Students tend to believe they are helping their friends when they enable in the following ways:
-
Make excuses for the drinking behavior
-
Obtain notes from classes missed by the drinker due to her drinking or hangover
-
Lend money for alcohol purchases
-
Submit projects for the drinker because she was too hung over to make it to class
-
Buy alcohol for the drinker
-
Try to occupy the drinker’s time so there won’t be time to drink
-
Blame the drinking on friends or circumstances
-
Drink with the person so you can watch over him when he is drinking
-
Vow not to do any of the above yet find yourself doing it again
These may seem like friendly gestures, but they simply contribute to further drinking. Why should the drinker make any changes if there are no perceived problems due to the drinking?
_________________________________________________
Detachment
I feel awful for just giving up on him, but I tried for three and a half years to help him and failed in my efforts to do so. I tried to be a good friend and it seems all I got were huge amounts of frustration.
Anonymous
It was very difficult to walk away from someone I cared about, but it came to the point where it was the only solution.
Anonymous
There may come a time when you believe you can no longer associate with the drinker or other drug user while he or she is drinking and/or using. Only you know when this time has been reached. It is extremely important that you let the person know why you are severing the ties of your friendship. Do not simply avoid the him or her. If you do, he or she will probably project the problem back onto you. Let them know how you feel. Use the process suggested above. Then, at some point you may need to lovingly detach if the situation becomes too difficult for you. Yes, this can be extremely difficult. But what is your choice? Finally, be sure to leave the door open for the time when the person may finally agree to seek help.

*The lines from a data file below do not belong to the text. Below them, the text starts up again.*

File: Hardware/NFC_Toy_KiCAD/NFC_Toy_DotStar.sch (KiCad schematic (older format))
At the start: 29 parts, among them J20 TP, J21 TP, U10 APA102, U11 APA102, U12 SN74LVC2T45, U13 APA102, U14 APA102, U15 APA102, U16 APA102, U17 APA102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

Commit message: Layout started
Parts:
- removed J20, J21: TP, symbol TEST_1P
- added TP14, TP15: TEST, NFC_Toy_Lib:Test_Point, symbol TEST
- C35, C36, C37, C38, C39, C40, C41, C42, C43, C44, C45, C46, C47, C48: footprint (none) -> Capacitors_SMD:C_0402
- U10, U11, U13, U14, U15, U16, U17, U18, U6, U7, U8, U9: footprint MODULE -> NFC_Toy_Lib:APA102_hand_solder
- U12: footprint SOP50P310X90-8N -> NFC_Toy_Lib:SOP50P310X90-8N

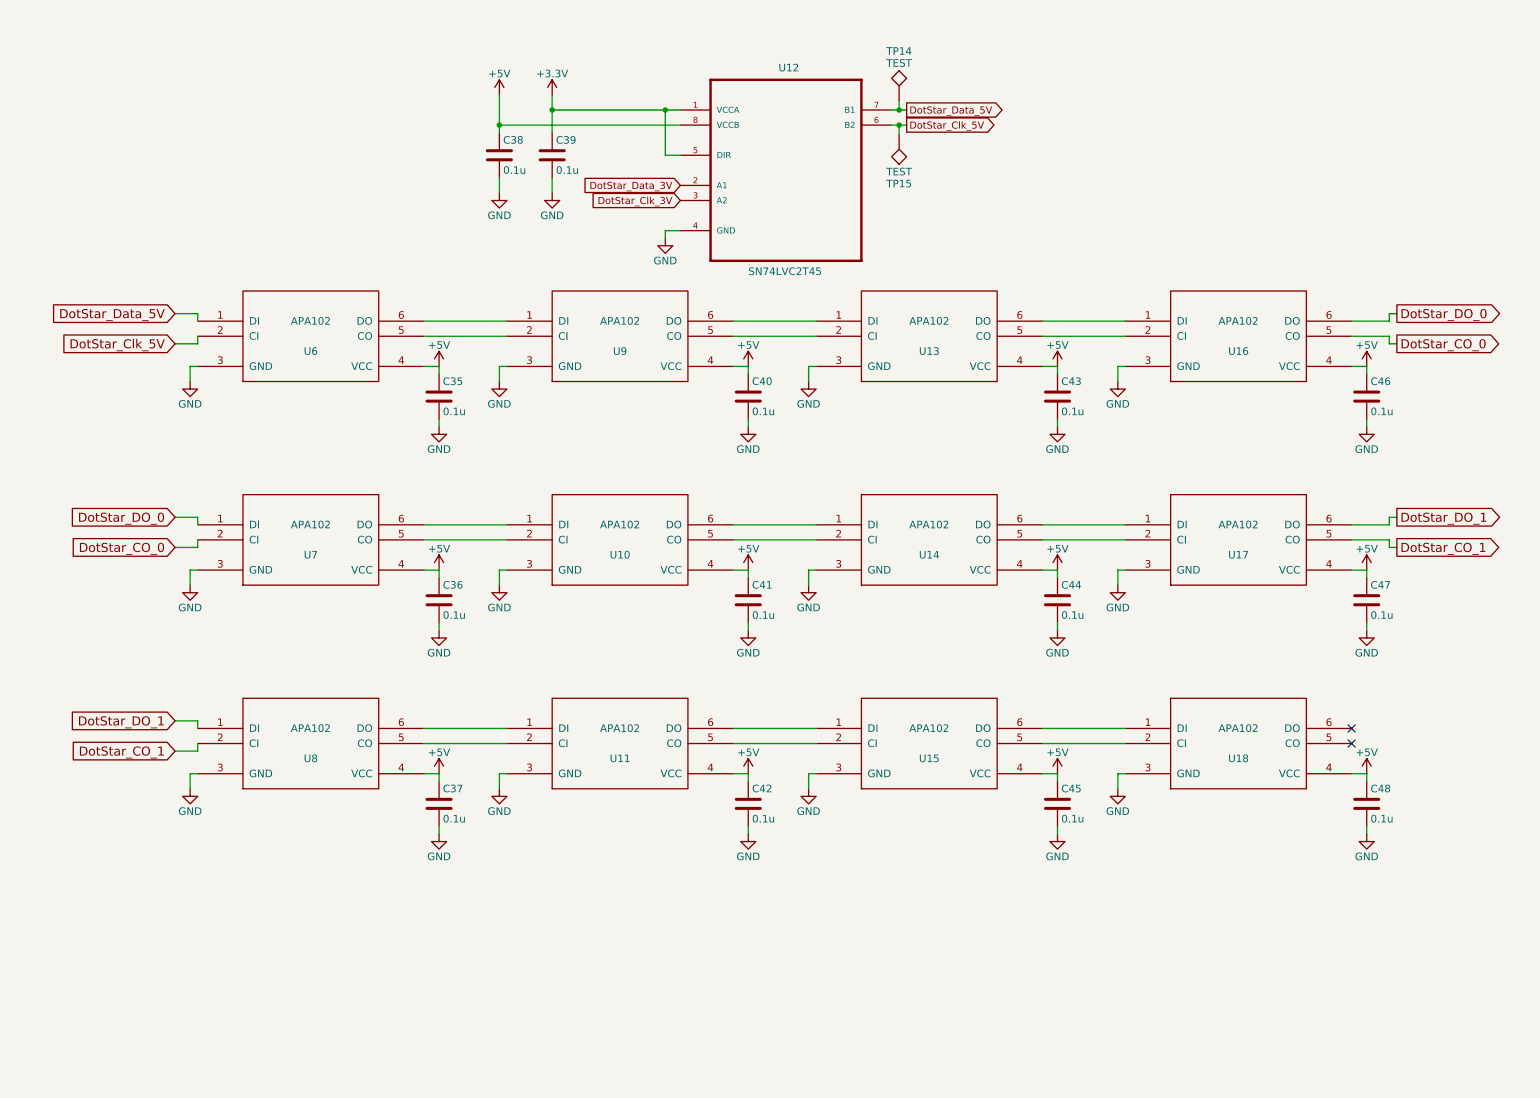
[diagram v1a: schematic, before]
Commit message: Component placement complete.
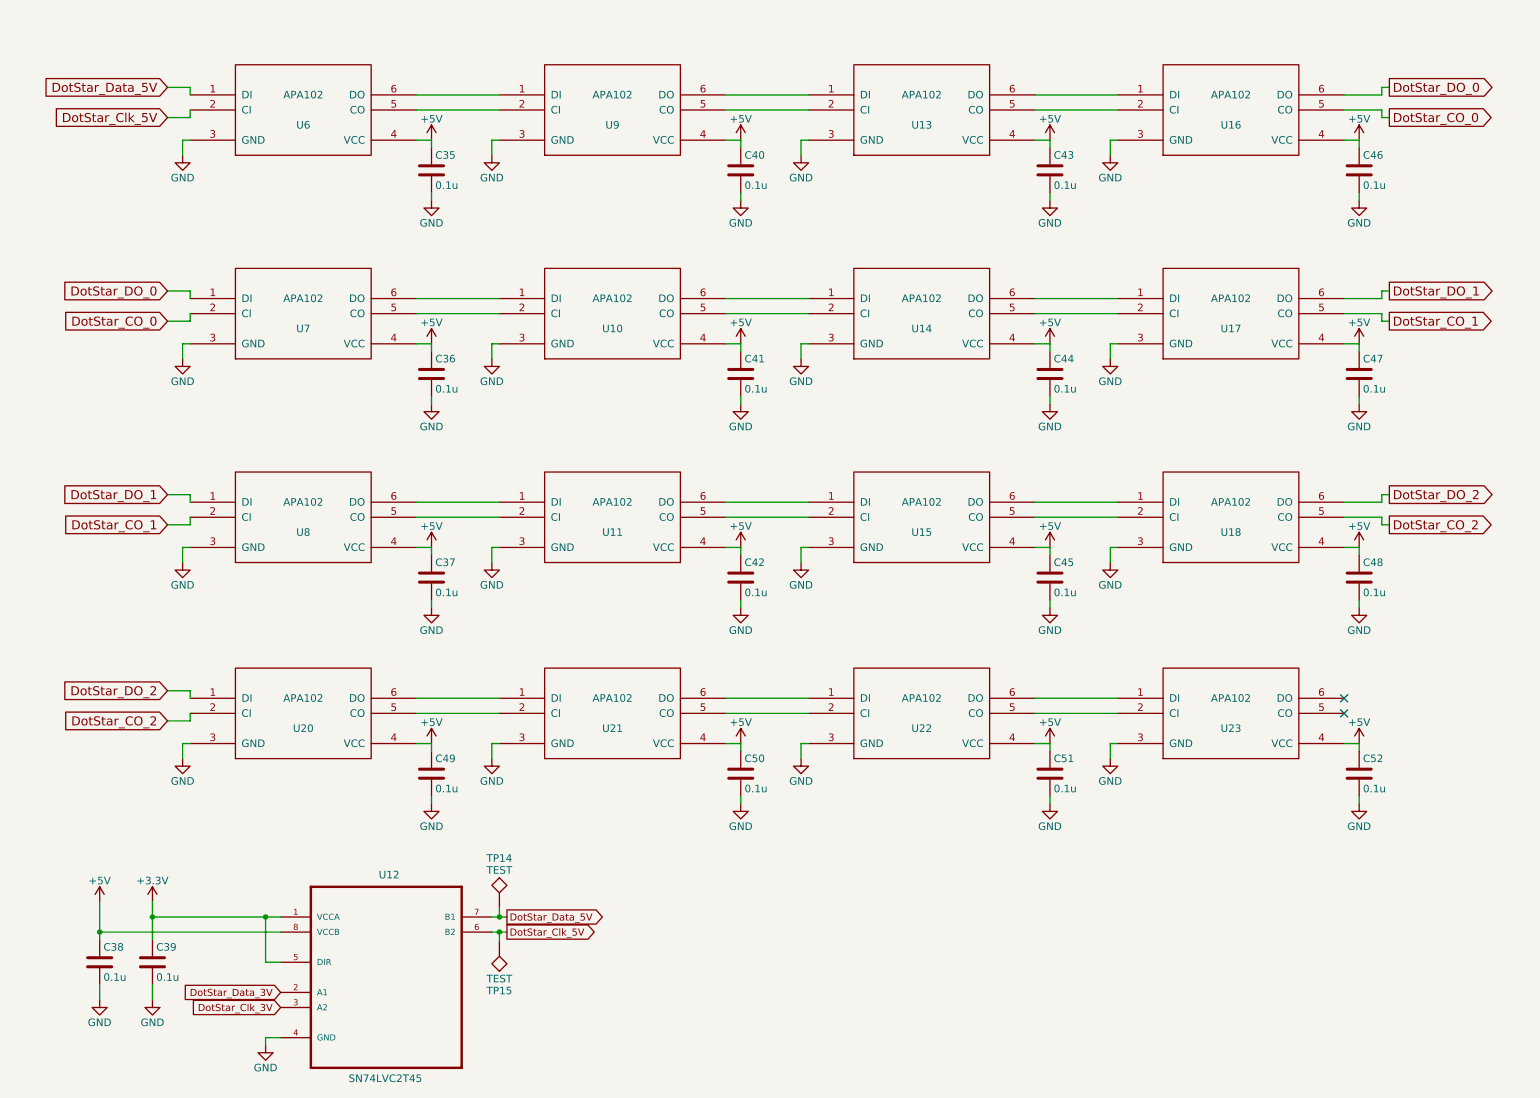
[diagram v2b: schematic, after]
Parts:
- added C49, C50, C51, C52: 0.1u, Capacitors_SMD:C_0402, symbol C
- added U20, U21, U22, U23: APA102, NFC_Toy_Lib:APA102_hand_solder, symbol APA102
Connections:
- net +5V: now also C49.1, C50.1, C51.1, C52.1, U20.4 (VCC), U21.4 (VCC), U22.4 (VCC), U23.4 (VCC)
- net GND: now also C49.2, C50.2, C51.2, C52.2, U20.3 (GND), U21.3 (GND), U22.3 (GND), U23.3 (GND)
- net DotStar_CO_2: now reaches U18.5 (CO)
- net DotStar_CO_2: now also U20.2 (CI)
- net DotStar_DO_2: now reaches U18.6 (DO)
- net DotStar_DO_2: now also U20.1 (DI)
- new net: U20.5 (CO), U21.2 (CI)
- new net: U20.6 (DO), U21.1 (DI)
- new net: U21.5 (CO), U22.2 (CI)
- new net: U21.6 (DO), U22.1 (DI)
- new net: U22.5 (CO), U23.2 (CI)
- new net: U22.6 (DO), U23.1 (DI)
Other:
- moved on the sheet: C35, C36, C37, C38, C39, C40, C41, C42, C43, C44, C45, C46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

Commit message: Added RNG and "Try Again"
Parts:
- C?: renamed from C35; symbol C -> Device:C
- C?: renamed from C40; symbol C -> Device:C
- C?: renamed from C43; symbol C -> Device:C
- C?: renamed from C46; symbol C -> Device:C
- C?: renamed from C36; symbol C -> Device:C
- C?: renamed from C41; symbol C -> Device:C
- C?: renamed from C44; symbol C -> Device:C
- C?: renamed from C47; symbol C -> Device:C
- C?: renamed from C37; symbol C -> Device:C
- C?: renamed from C42; symbol C -> Device:C
- C?: renamed from C45; symbol C -> Device:C
- C?: renamed from C48; symbol C -> Device:C
- C?: renamed from C38; symbol C -> Device:C
- C?: renamed from C39; symbol C -> Device:C
- C?: renamed from C49; symbol C -> Device:C
- C?: renamed from C50; symbol C -> Device:C
- C?: renamed from C51; symbol C -> Device:C
- C?: renamed from C52; symbol C -> Device:C
- TP?: renamed from TP14; symbol TEST -> NFC_Toy-rescue:TEST
- TP?: renamed from TP15; symbol TEST -> NFC_Toy-rescue:TEST
- U?: renamed from U6; symbol APA102 -> APA102:APA102
- U?: renamed from U9; symbol APA102 -> APA102:APA102
- U?: renamed from U13; symbol APA102 -> APA102:APA102
- U?: renamed from U16; symbol APA102 -> APA102:APA102
- U?: renamed from U7; symbol APA102 -> APA102:APA102
- U?: renamed from U10; symbol APA102 -> APA102:APA102
- U?: renamed from U14; symbol APA102 -> APA102:APA102
- U?: renamed from U17; symbol APA102 -> APA102:APA102
- U?: renamed from U8; symbol APA102 -> APA102:APA102
- U?: renamed from U11; symbol APA102 -> APA102:APA102
- U?: renamed from U15; symbol APA102 -> APA102:APA102
- U?: renamed from U18; symbol APA102 -> APA102:APA102
- U?: renamed from U12; symbol SN74LVC2T45 -> SN74LVC2T45:SN74LVC2T45
- U?: renamed from U20; symbol APA102 -> APA102:APA102
- U?: renamed from U21; symbol APA102 -> APA102:APA102
- U?: renamed from U22; symbol APA102 -> APA102:APA102
- U?: renamed from U23; symbol APA102 -> APA102:APA102

_________________________________________________
Personal Challenge: Intervening
-
Do you know someone you believe has an alcohol or other drug problem?
-
Do you believe you should confront this person?
-
What reaction can you anticipate? How might you be able to deal with this reaction?
-
Are there any resources available to help educate you about the nature of your relationship with this person and his/her alcohol or other drug problem?
-
Is there anyone who can assist you in confronting this person about their alcohol or other drug problem?
-
What resources can you recommend to this person for assistance with his/her problem?